Une autre erreur classique concerne la tenue professionnelle. Le débutant oublie parfois sa coiffe. Il porte des bijoux aux mains. Il conserve son téléphone dans sa poche. 

     Ces gestes anodins sont pourtant interdits par la réglementation. Les cheveux, les bagues et les objets personnels transportent des bactéries. Ils peuvent aussi tomber dans un plat. 

       À ce titre, la tenue complète se vérifie devant un miroir avant chaque prise de poste. Coiffe en place, blouse propre, mains lavées, ongles courts et sans vernis. Aucune exception n'est tolérée.

Enfin, la dernière erreur fréquente concerne la traçabilité. Le commis débutant croit gagner du temps en oubliant d'étiqueter les produits transvasés. Il retire un fromage de son emballage d'origine. 

      Il le place dans un bac sans indiquer la date. Quelques jours plus tard, personne ne sait si le produit est encore consommable. Or, la traçabilité protège l'établissement en cas de contrôle sanitaire. 

    Elle permet aussi de retirer rapidement un lot suspect. En pratique, chaque produit transvasé reçoit une étiquette avec le nom, la date d'ouverture et la DLC secondaire. Ce geste prend trente secondes. Il peut éviter une fermeture administrative.


⚠️ Ne jamais placer un produit froid dans une vitrine réfrigérée qui vient d'être allumée. L'équipement doit atteindre sa température de consigne avant la mise en place, sinon la chaîne du froid est rompue dès le départ.


Le règlement européen 852/2004 impose au professionnel de la restauration de maîtriser tous les points critiques de son activité, y compris la mise en place. Le plan de maîtrise sanitaire (PMS) exigé dans chaque cuisine détaille les procédures à suivre pour éviter ces erreurs. 

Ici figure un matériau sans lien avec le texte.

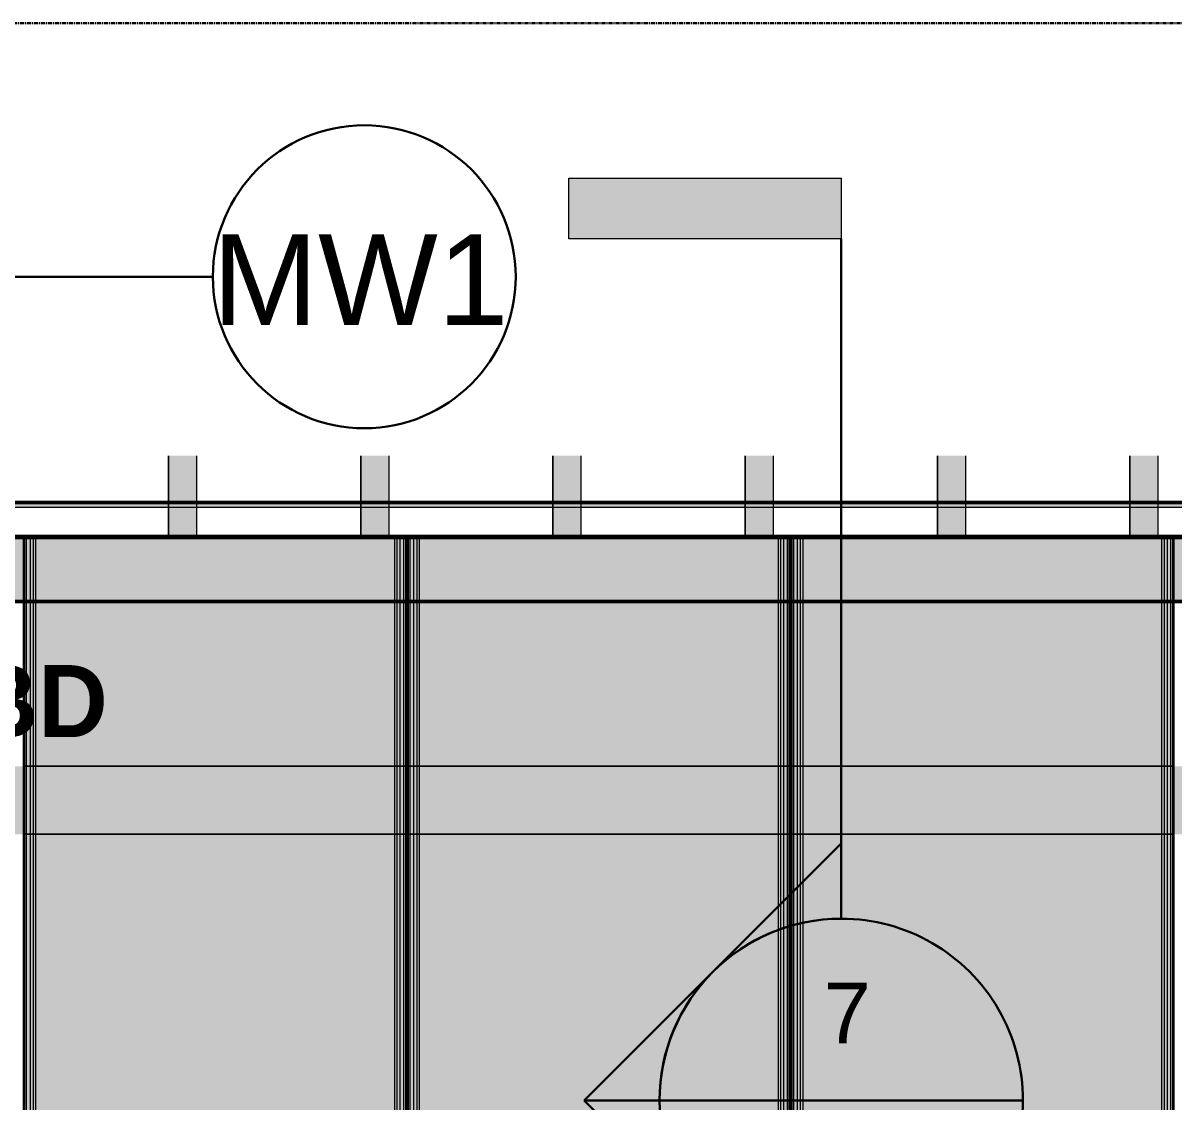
# Model space of a CAD drawing. Header units: inches. Extents: x -15746 to 650, y -81 to 12338.
# Drawn here: x -1174.4 to -1030.7, y 11712.5 to 11847.2 of the extents above; entities that cross this region are included whole.
import ezdxf

# ---------------------------------------------------------------- set-up
doc = ezdxf.new("R2010")
doc.units = ezdxf.units.IN
doc.header["$MEASUREMENT"] = 0
doc.linetypes.add('Grid Line 1_2_', pattern=[0.875, 0.5, -0.125, 0.125, -0.125])
for name, color, linetype, lineweight in [('A-WALL', 113, 'Continuous', 13), ('A-WALL-IDEN', 211, 'Continuous', 30), ('G-ANNO-SYMB', 111, 'Continuous', 30), ('I-WALL', 2, 'Continuous', 13), ('S-BEAM', 12, 'Continuous', 9), ('S-BEAM-IDEN', 2, 'Continuous', 30), ('S-GRID', 1, 'Continuous', 9)]:
    doc.layers.add(name, color=color, linetype=linetype, lineweight=lineweight)
doc.styles.add('Arial_2', font='arial.ttf', dxfattribs={"height": 7.559055})
doc.styles.add('Arial_3', font='arial.ttf', dxfattribs={"height": 11.338583})
doc.styles.add('Century Gothic_B', font='', dxfattribs={"height": 9})
doc.styles.get('Century Gothic_B').set_extended_font_data('Century Gothic', bold=True)

# ---------------------------------------------------------------- blocks, each defined once
blk = doc.blocks.new('CTR - 1st Phase - Common Walls_rvt-2-FRAMING PLAN - 2ND FLOOR AT RAMP')
at = {"layer": 'A-WALL', "transparency": 33554585}
h = blk.add_hatch(color=50, dxfattribs=at)
h.paths.add_polyline_path([(-3460.52, 11786.74), (-3203.32, 11786.74), (-3203.32, 11787.36), (-3460.52, 11787.36)], flags=0)
h.paths.add_polyline_path([(-3467.15, 11786.74), (-3467.15, 11787.36), (-3742.95, 11787.36), (-3742.95, 11786.74), (-3486.87, 11786.74)], flags=0)
at = {"layer": 'A-WALL', "lineweight": 5, "transparency": 33554585}
blk.add_hatch(color=8, dxfattribs=at).paths.add_polyline_path([(-3203.32, 11782.99), (-3203.32, 11783.24), (-3742.95, 11783.24), (-3742.95, 11782.99), (-3274.97, 11782.99)], flags=0)
at = {"layer": 'I-WALL', "lineweight": 5, "transparency": 33554585}
h = blk.add_hatch(color=8, dxfattribs=at)
h.paths.add_polyline_path([(-3501.42, 11745.94), (-3501.42, 11754.44), (-3534.23, 11754.44), (-3534.23, 11745.94), (-3505.3, 11745.94)], flags=0)
h.paths.add_polyline_path([(-3534.63, 11745.94), (-3534.63, 11754.44), (-3536.32, 11754.44), (-3536.32, 11745.94), (-3535.06, 11745.94)], flags=0)
h.paths.add_polyline_path([(-3536.71, 11745.94), (-3536.71, 11754.44), (-3582.12, 11754.44), (-3582.12, 11745.94)], flags=0)
h.paths.add_polyline_path([(-3583.36, 11745.94), (-3582.51, 11745.94), (-3582.51, 11754.44), (-3584.2, 11754.44), (-3584.2, 11745.94), (-3583.4, 11745.94)], flags=0)
h.paths.add_polyline_path([(-3584.6, 11745.94), (-3584.6, 11754.44), (-3630, 11754.44), (-3630, 11745.94)], flags=0)
h.paths.add_polyline_path([(-3630.39, 11745.94), (-3630.39, 11754.44), (-3632.08, 11754.44), (-3632.08, 11745.94), (-3630.82, 11745.94)], flags=0)
h.paths.add_polyline_path([(-3632.48, 11745.94), (-3632.48, 11754.44), (-3677.88, 11754.44), (-3677.88, 11745.94)], flags=0)
h.paths.add_polyline_path([(-3679.12, 11745.94), (-3678.27, 11745.94), (-3678.27, 11754.44), (-3679.97, 11754.44), (-3679.97, 11745.94), (-3679.16, 11745.94)], flags=0)
h.paths.add_polyline_path([(-3680.36, 11745.94), (-3680.36, 11754.44), (-3725.76, 11754.44), (-3725.76, 11745.94), (-3698.76, 11745.94)], flags=0)
h.paths.add_polyline_path([(-3727, 11745.94), (-3726.15, 11745.94), (-3726.15, 11754.44), (-3727.85, 11754.44), (-3727.85, 11745.94), (-3727.04, 11745.94)], flags=0)
h.paths.add_polyline_path([(-3728.24, 11745.94), (-3728.24, 11754.44), (-3773.64, 11754.44), (-3773.64, 11745.94)], flags=0)
h.paths.add_polyline_path([(-3774.88, 11745.94), (-3774.04, 11745.94), (-3774.04, 11754.44), (-3775.73, 11754.44), (-3775.73, 11745.94), (-3774.92, 11745.94)], flags=0)
h.paths.add_polyline_path([(-3776.12, 11745.94), (-3776.12, 11754.44), (-3821.52, 11754.44), (-3821.52, 11745.94), (-3783.52, 11745.94)], flags=0)
h.paths.add_polyline_path([(-3822.76, 11745.94), (-3821.92, 11745.94), (-3821.92, 11754.44), (-3822.76, 11754.44), (-3822.76, 11753.71)], flags=0)
h = blk.add_hatch(color=8, dxfattribs=at)
h.paths.add_polyline_path([(-3534.23, 11745.94), (-3534.23, 11754.44), (-3534.63, 11754.44), (-3534.63, 11745.94)], flags=0)
h.paths.add_polyline_path([(-3536.32, 11745.94), (-3536.32, 11754.44), (-3536.71, 11754.44), (-3536.71, 11745.94)], flags=0)
h.paths.add_polyline_path([(-3582.12, 11745.94), (-3582.12, 11754.44), (-3582.51, 11754.44), (-3582.51, 11745.94)], flags=0)
h.paths.add_polyline_path([(-3584.2, 11745.94), (-3584.2, 11754.44), (-3584.6, 11754.44), (-3584.6, 11745.94)], flags=0)
h.paths.add_polyline_path([(-3630, 11745.94), (-3630, 11754.44), (-3630.39, 11754.44), (-3630.39, 11745.94)], flags=0)
h.paths.add_polyline_path([(-3632.48, 11745.94), (-3632.08, 11745.94), (-3632.08, 11754.44), (-3632.48, 11754.44), (-3632.48, 11749.05)], flags=0)
h.paths.add_polyline_path([(-3677.88, 11745.94), (-3677.88, 11754.44), (-3678.27, 11754.44), (-3678.27, 11745.94)], flags=0)
h.paths.add_polyline_path([(-3679.97, 11745.94), (-3679.97, 11754.44), (-3680.36, 11754.44), (-3680.36, 11745.94)], flags=0)
h.paths.add_polyline_path([(-3726.15, 11745.94), (-3725.76, 11745.94), (-3725.76, 11754.44), (-3726.15, 11754.44), (-3726.15, 11751.35)], flags=0)
h.paths.add_polyline_path([(-3727.85, 11745.94), (-3727.85, 11754.44), (-3728.24, 11754.44), (-3728.24, 11745.94)], flags=0)
h.paths.add_polyline_path([(-3774.04, 11745.94), (-3773.64, 11745.94), (-3773.64, 11754.44), (-3774.04, 11754.44), (-3774.04, 11752.52)], flags=0)
h.paths.add_polyline_path([(-3775.73, 11745.94), (-3775.73, 11754.44), (-3776.12, 11754.44), (-3776.12, 11745.94)], flags=0)
h.paths.add_polyline_path([(-3821.92, 11745.94), (-3821.52, 11745.94), (-3821.52, 11754.44), (-3821.92, 11754.44), (-3821.92, 11753.69)], flags=0)
at = {"layer": 'A-WALL', "color": 53, "lineweight": 50}
for p, q in [((-3742.95, 11787.36), (-3467.77, 11787.36)), ((-3203.32, 11782.99), (-3742.95, 11782.99))]:
    blk.add_line(p, q, dxfattribs=at)
at = {"layer": 'A-WALL', "color": 254}
blk.add_line((-3742.95, 11787.36), (-3467.77, 11787.36), dxfattribs=at)
at = {"layer": 'A-WALL', "color": 253}
for p, q in [((-3467.15, 11786.74), (-3742.95, 11786.74)), ((-3467.15, 11783.24), (-3742.95, 11783.24))]:
    blk.add_line(p, q, dxfattribs=at)
at = {"layer": 'A-WALL', "color": 9}
blk.add_line((-3203.32, 11782.99), (-3742.95, 11782.99), dxfattribs=at)
at = {"layer": 'I-WALL', "color": 253}
for p, q in [((-3726.96, 11754.44), (-3726.58, 11754.44)), ((-3726.58, 11754.44), (-3726.15, 11754.44)), ((-3726.15, 11754.44), (-3725.76, 11754.44)), ((-3725.76, 11754.44), (-3680.36, 11754.44)), ((-3680.36, 11754.44), (-3679.97, 11754.44)), ((-3679.97, 11754.44), (-3679.54, 11754.44)), ((-3679.54, 11754.44), (-3679.16, 11754.44)), ((-3679.08, 11754.44), (-3678.7, 11754.44)), ((-3678.7, 11754.44), (-3678.27, 11754.44)), ((-3678.27, 11754.44), (-3677.88, 11754.44)), ((-3677.88, 11754.44), (-3632.48, 11754.44)), ((-3632.48, 11754.44), (-3632.08, 11754.44)), ((-3632.08, 11754.44), (-3631.65, 11754.44)), ((-3631.65, 11754.44), (-3631.28, 11754.44)), ((-3631.2, 11754.44), (-3630.82, 11754.44)), ((-3630.82, 11754.44), (-3630.39, 11754.44)), ((-3630.39, 11754.44), (-3630, 11754.44)), ((-3630, 11754.44), (-3584.6, 11754.44)), ((-3584.6, 11754.44), (-3584.2, 11754.44)), ((-3584.2, 11754.44), (-3583.77, 11754.44)), ((-3583.77, 11754.44), (-3583.4, 11754.44)), ((-3726.58, 11745.94), (-3726.96, 11745.94)), ((-3726.15, 11745.94), (-3726.58, 11745.94)), ((-3725.76, 11745.94), (-3726.15, 11745.94)), ((-3680.36, 11745.94), (-3725.76, 11745.94)), ((-3679.97, 11745.94), (-3680.36, 11745.94)), ((-3679.54, 11745.94), (-3679.97, 11745.94)), ((-3679.16, 11745.94), (-3679.54, 11745.94)), ((-3678.7, 11745.94), (-3679.08, 11745.94)), ((-3678.27, 11745.94), (-3678.7, 11745.94)), ((-3677.88, 11745.94), (-3678.27, 11745.94)), ((-3632.48, 11745.94), (-3677.88, 11745.94)), ((-3632.08, 11745.94), (-3632.48, 11745.94)), ((-3631.65, 11745.94), (-3632.08, 11745.94)), ((-3631.28, 11745.94), (-3631.65, 11745.94)), ((-3630.82, 11745.94), (-3631.2, 11745.94)), ((-3630.39, 11745.94), (-3630.82, 11745.94)), ((-3630, 11745.94), (-3630.39, 11745.94)), ((-3584.6, 11745.94), (-3630, 11745.94)), ((-3584.2, 11745.94), (-3584.6, 11745.94)), ((-3583.77, 11745.94), (-3584.2, 11745.94)), ((-3583.4, 11745.94), (-3583.77, 11745.94))]:
    blk.add_line(p, q, dxfattribs=at)
at = {"layer": 'I-WALL', "color": 9}
for p, q in [((-3726.15, 11754.44), (-3726.96, 11754.44)), ((-3725.76, 11754.44), (-3726.15, 11754.44)), ((-3680.36, 11754.44), (-3725.76, 11754.44)), ((-3679.97, 11754.44), (-3680.36, 11754.44)), ((-3679.16, 11754.44), (-3679.97, 11754.44)), ((-3678.27, 11754.44), (-3679.08, 11754.44)), ((-3677.88, 11754.44), (-3678.27, 11754.44)), ((-3632.48, 11754.44), (-3677.88, 11754.44)), ((-3632.08, 11754.44), (-3632.48, 11754.44)), ((-3631.28, 11754.44), (-3632.08, 11754.44)), ((-3630.39, 11754.44), (-3631.2, 11754.44)), ((-3630, 11754.44), (-3630.39, 11754.44)), ((-3584.6, 11754.44), (-3630, 11754.44)), ((-3584.2, 11754.44), (-3584.6, 11754.44)), ((-3583.4, 11754.44), (-3584.2, 11754.44)), ((-3726.96, 11745.94), (-3726.15, 11745.94)), ((-3726.15, 11745.94), (-3725.76, 11745.94)), ((-3725.76, 11745.94), (-3680.36, 11745.94)), ((-3680.36, 11745.94), (-3679.97, 11745.94)), ((-3679.97, 11745.94), (-3679.16, 11745.94)), ((-3679.08, 11745.94), (-3678.27, 11745.94)), ((-3678.27, 11745.94), (-3677.88, 11745.94)), ((-3677.88, 11745.94), (-3632.48, 11745.94)), ((-3632.48, 11745.94), (-3632.08, 11745.94)), ((-3632.08, 11745.94), (-3631.28, 11745.94)), ((-3631.2, 11745.94), (-3630.39, 11745.94)), ((-3630.39, 11745.94), (-3630, 11745.94)), ((-3630, 11745.94), (-3584.6, 11745.94)), ((-3584.6, 11745.94), (-3584.2, 11745.94)), ((-3584.2, 11745.94), (-3583.4, 11745.94))]:
    blk.add_line(p, q, dxfattribs=at)
blk = doc.blocks.new('034100 - Precast Structural Concrete - Solid Plank - 12_-1863286-FRAMING PLAN - 2ND FLOOR AT RAMP')
at = {"layer": 'S-BEAM', "transparency": 33554483}
h = blk.add_hatch(color=256, dxfattribs=at)
h.paths.add_polyline_path([(236, 23.9), (232, 23.9), (232, 23.52), (236, 23.52)], flags=0)
h.paths.add_polyline_path([(8, 23.9), (0, 23.9), (0, 23.52), (8, 23.52)], flags=0)
h = blk.add_hatch(color=256, dxfattribs=at)
h.paths.add_polyline_path([(236, -23.52), (236, 23.52), (232, 23.52), (232, -23.52)], flags=0)
h.paths.add_polyline_path([(8, 23.52), (0, 23.52), (0, -23.52), (8, -23.52), (8, 4.3)], flags=0)
h = blk.add_hatch(color=256, dxfattribs=at)
h.paths.add_polyline_path([(236, 23.09), (232, 23.09), (232, 22.7), (236, 22.7)], flags=0)
h.paths.add_polyline_path([(8, 23.09), (0, 23.09), (0, 22.7), (8, 22.7)], flags=0)
for points in [[(232, 23.52), (232, 23.9), (8, 23.9), (8, 23.52), (97.82, 23.52)], [(232, -23.52), (232, 23.52), (8, 23.52), (8, -23.52), (178.85, -23.52)], [(232, 22.7), (232, 23.09), (8, 23.09), (8, 22.7), (97.82, 22.7)], [(232, -23.09), (232, -22.7), (8, -22.7), (8, -23.09), (178.85, -23.09)], [(8, -23.94), (8, -23.9), (7.36, -23.94)], [(232, -23.9), (232, -23.52), (8, -23.52), (8, -23.9), (178.85, -23.9)]]:
    blk.add_hatch(color=256, dxfattribs=at).paths.add_polyline_path(points, flags=0)
h = blk.add_hatch(color=256, dxfattribs=at)
h.paths.add_polyline_path([(236, -22.7), (232, -22.7), (232, -23.09), (236, -23.09)], flags=0)
h.paths.add_polyline_path([(8, -22.7), (0, -22.7), (0, -23.09), (8, -23.09)], flags=0)
h = blk.add_hatch(color=256, dxfattribs=at)
h.paths.add_polyline_path([(236, -23.52), (232, -23.52), (232, -23.9), (236, -23.9)], flags=0)
h.paths.add_polyline_path([(8, -23.52), (0, -23.52), (0, -23.9), (8, -23.9)], flags=0)
at = {"layer": 'S-BEAM'}
for p, q in [((0, 23.94), (0, 23.9)), ((0, 23.94), (8, 23.94)), ((0, 23.76), (0, 23.9)), ((0, 23.9), (0, 23.52)), ((0, 23.9), (8, 23.9)), ((0, 23.52), (0, 23.76)), ((0, 23.76), (8, 23.76)), ((0, 23.76), (8, 23.76)), ((0, 22.7), (0, 23.52)), ((0, 23.52), (0, -23.52)), ((0, 23.52), (8, 23.52)), ((0, 22.7), (0, 23.09)), ((0, 23.09), (0, 22.7)), ((0, 23.09), (8, 23.09)), ((0, 23.09), (8, 23.09)), ((8, 23.94), (232, 23.94)), ((8, 23.9), (232, 23.9)), ((8, 23.76), (232, 23.76)), ((8, 23.76), (232, 23.76)), ((8, 23.52), (232, 23.52)), ((8, 23.09), (232, 23.09)), ((8, 23.09), (232, 23.09)), ((0, 22.4), (0, 22.7)), ((0, 22.7), (8, 22.7)), ((0, -22.4), (0, 22.4)), ((0, 22.4), (8, 22.4)), ((8, 22.7), (232, 22.7)), ((8, 22.4), (232, 22.4)), ((0, -22.7), (0, -22.4)), ((0, -22.4), (8, -22.4)), ((0, -23.52), (0, -22.7)), ((0, -22.7), (0, -23.09)), ((0, -23.09), (0, -22.7)), ((0, -22.7), (8, -22.7)), ((8, -22.4), (232, -22.4)), ((8, -22.7), (232, -22.7)), ((0, -23.09), (8, -23.09)), ((0, -23.09), (8, -23.09)), ((0, -23.52), (0, -23.9)), ((0, -23.76), (0, -23.52)), ((8, -23.52), (0, -23.52)), ((0, -23.9), (0, -23.76)), ((8, -23.76), (0, -23.76)), ((0, -23.76), (8, -23.76)), ((0, -23.9), (0, -23.94)), ((0, -23.9), (8, -23.9)), ((0, -23.94), (8, -23.94)), ((8, -23.09), (232, -23.09)), ((8, -23.09), (232, -23.09)), ((232, -23.52), (8, -23.52)), ((232, -23.76), (8, -23.76)), ((8, -23.76), (232, -23.76)), ((8, -23.9), (232, -23.9)), ((8, -23.94), (232, -23.94))]:
    blk.add_line(p, q, dxfattribs=at)
blk = doc.blocks.new('034100 - Precast Structural Concrete - Solid Plank - 12_-V222-FRAMING PLAN - 2ND FLOOR AT RAMP')
at = {"layer": 'S-BEAM', "transparency": 33554483}
h = blk.add_hatch(color=256, dxfattribs=at)
h.paths.add_polyline_path([(236, 23.9), (232, 23.9), (232, 23.52), (236, 23.52)], flags=0)
h.paths.add_polyline_path([(8, 23.9), (0, 23.9), (0, 23.52), (8, 23.52)], flags=0)
h = blk.add_hatch(color=256, dxfattribs=at)
h.paths.add_polyline_path([(236, -23.52), (236, 23.52), (232, 23.52), (232, -23.52)], flags=0)
h.paths.add_polyline_path([(8, 23.52), (0, 23.52), (0, -23.52), (8, -23.52)], flags=0)
h = blk.add_hatch(color=256, dxfattribs=at)
h.paths.add_polyline_path([(236, 23.09), (232, 23.09), (232, 22.7), (236, 22.7)], flags=0)
h.paths.add_polyline_path([(8, 23.09), (0, 23.09), (0, 22.7), (8, 22.7)], flags=0)
for points in [[(232, 23.52), (232, 23.9), (8, 23.9), (8, 23.52), (97.82, 23.52)], [(232, -23.52), (232, 23.52), (8, 23.52), (8, -23.52), (97.82, -23.52)], [(232, 22.7), (232, 23.09), (8, 23.09), (8, 22.7), (97.82, 22.7)], [(232, -23.09), (232, -22.7), (8, -22.7), (8, -23.09), (97.82, -23.09)], [(232, -23.9), (232, -23.52), (8, -23.52), (8, -23.9), (97.82, -23.9)]]:
    blk.add_hatch(color=256, dxfattribs=at).paths.add_polyline_path(points, flags=0)
h = blk.add_hatch(color=256, dxfattribs=at)
h.paths.add_polyline_path([(236, -22.7), (232, -22.7), (232, -23.09), (236, -23.09)], flags=0)
h.paths.add_polyline_path([(8, -22.7), (0, -22.7), (0, -23.09), (8, -23.09)], flags=0)
h = blk.add_hatch(color=256, dxfattribs=at)
h.paths.add_polyline_path([(236, -23.52), (232, -23.52), (232, -23.9), (236, -23.9)], flags=0)
h.paths.add_polyline_path([(8, -23.52), (0, -23.52), (0, -23.9), (8, -23.9)], flags=0)
at = {"layer": 'S-BEAM'}
for p, q in [((0, 23.94), (0, 23.9)), ((0, 23.94), (8, 23.94)), ((0, 23.76), (0, 23.9)), ((0, 23.9), (0, 23.52)), ((0, 23.9), (8, 23.9)), ((0, 23.52), (0, 23.76)), ((0, 23.76), (8, 23.76)), ((0, 23.76), (8, 23.76)), ((0, 22.7), (0, 23.52)), ((0, 23.52), (0, -23.52)), ((0, 23.52), (8, 23.52)), ((0, 22.7), (0, 23.09)), ((0, 23.09), (0, 22.7)), ((0, 23.09), (8, 23.09)), ((0, 23.09), (8, 23.09)), ((8, 23.94), (232, 23.94)), ((8, 23.9), (232, 23.9)), ((8, 23.76), (232, 23.76)), ((8, 23.76), (232, 23.76)), ((8, 23.52), (232, 23.52)), ((8, 23.09), (232, 23.09)), ((8, 23.09), (232, 23.09)), ((0, 22.4), (0, 22.7)), ((0, 22.7), (8, 22.7)), ((0, -22.4), (0, 22.4)), ((0, 22.4), (8, 22.4)), ((8, 22.7), (232, 22.7)), ((8, 22.4), (232, 22.4)), ((0, -22.7), (0, -22.4)), ((0, -22.4), (8, -22.4)), ((0, -23.52), (0, -22.7)), ((0, -22.7), (0, -23.09)), ((0, -23.09), (0, -22.7)), ((0, -22.7), (8, -22.7)), ((8, -22.4), (232, -22.4)), ((8, -22.7), (232, -22.7)), ((0, -23.09), (8, -23.09)), ((0, -23.09), (8, -23.09)), ((0, -23.52), (0, -23.9)), ((0, -23.76), (0, -23.52)), ((8, -23.52), (0, -23.52)), ((0, -23.9), (0, -23.76)), ((8, -23.76), (0, -23.76)), ((0, -23.76), (8, -23.76)), ((0, -23.9), (0, -23.94)), ((0, -23.9), (8, -23.9)), ((0, -23.94), (8, -23.94)), ((8, -23.09), (232, -23.09)), ((8, -23.09), (232, -23.09)), ((232, -23.52), (8, -23.52)), ((232, -23.76), (8, -23.76)), ((8, -23.76), (232, -23.76)), ((8, -23.9), (232, -23.9)), ((8, -23.94), (232, -23.94))]:
    blk.add_line(p, q, dxfattribs=at)
blk = doc.blocks.new('034100 - Precast Structural Concrete - Solid Plank - 12_-V223-FRAMING PLAN - 2ND FLOOR AT RAMP')
at = {"layer": 'S-BEAM', "transparency": 33554483}
h = blk.add_hatch(color=256, dxfattribs=at)
h.paths.add_polyline_path([(236, 23.52), (236, 23.9), (232, 23.9), (232, 23.52), (235.55, 23.52)], flags=0)
h.paths.add_polyline_path([(8, 23.9), (0, 23.9), (0, 23.52), (8, 23.52)], flags=0)
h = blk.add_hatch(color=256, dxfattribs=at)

En cas de contrôle, la DDPP (Direction départementale de la protection des populations) vérifie que les protocoles sont appliqués et documentés. Un manquement grave peut entraîner un avertissement, une amende, voire une fermeture administrative de l'établissement.


💡 Une check-list d'ouverture plastifiée, cochée au feutre effaçable et signée chaque matin, permet de sécuriser la prise de poste et de garder une trace en cas de contrôle sanitaire.

Sur le terrain, le professionnel utilise une check-list d'ouverture pour éviter les oublis. Cette liste reprend chaque point sensible : allumage des équipements trente minutes avant, contrôle des températures avec relevé écrit, nettoyage complet en quatre étapes, vérification de la tenue, étiquetage de tous les produits transvasés. Dans une cafétéria de centre commercial qui sert 400 couverts par service, cette check-list se remplit en dix minutes. Elle est signée par le responsable de zone. Elle sert de preuve en cas de contrôle. Chaque erreur évitée protège la santé des clients et la réputation de l'établissement.

Situation professionnelle — Erreur d'étiquetage rattrapée avant le service

Nawel, commis de cuisine dans une cantine scolaire de 1 200 rationnaires, prépare la mise en place du service de midi. Elle transvase un grand pot de yaourt nature dans plusieurs bacs plus petits pour la ligne de self. Pressée par l'heure, elle oublie d'étiqueter les bacs avec la date d'ouverture et la DLC secondaire. Sa cheffe passe derrière et repère aussitôt l'oubli. Elle explique calmement que sans étiquette, aucun contrôle sanitaire ne pourrait justifier la fraîcheur du produit. Nawel prend un feutre, note la date et l'heure sur chaque bac, puis les place en vitrine. Depuis ce jour, elle étiquette systématiquement avant de transvaser.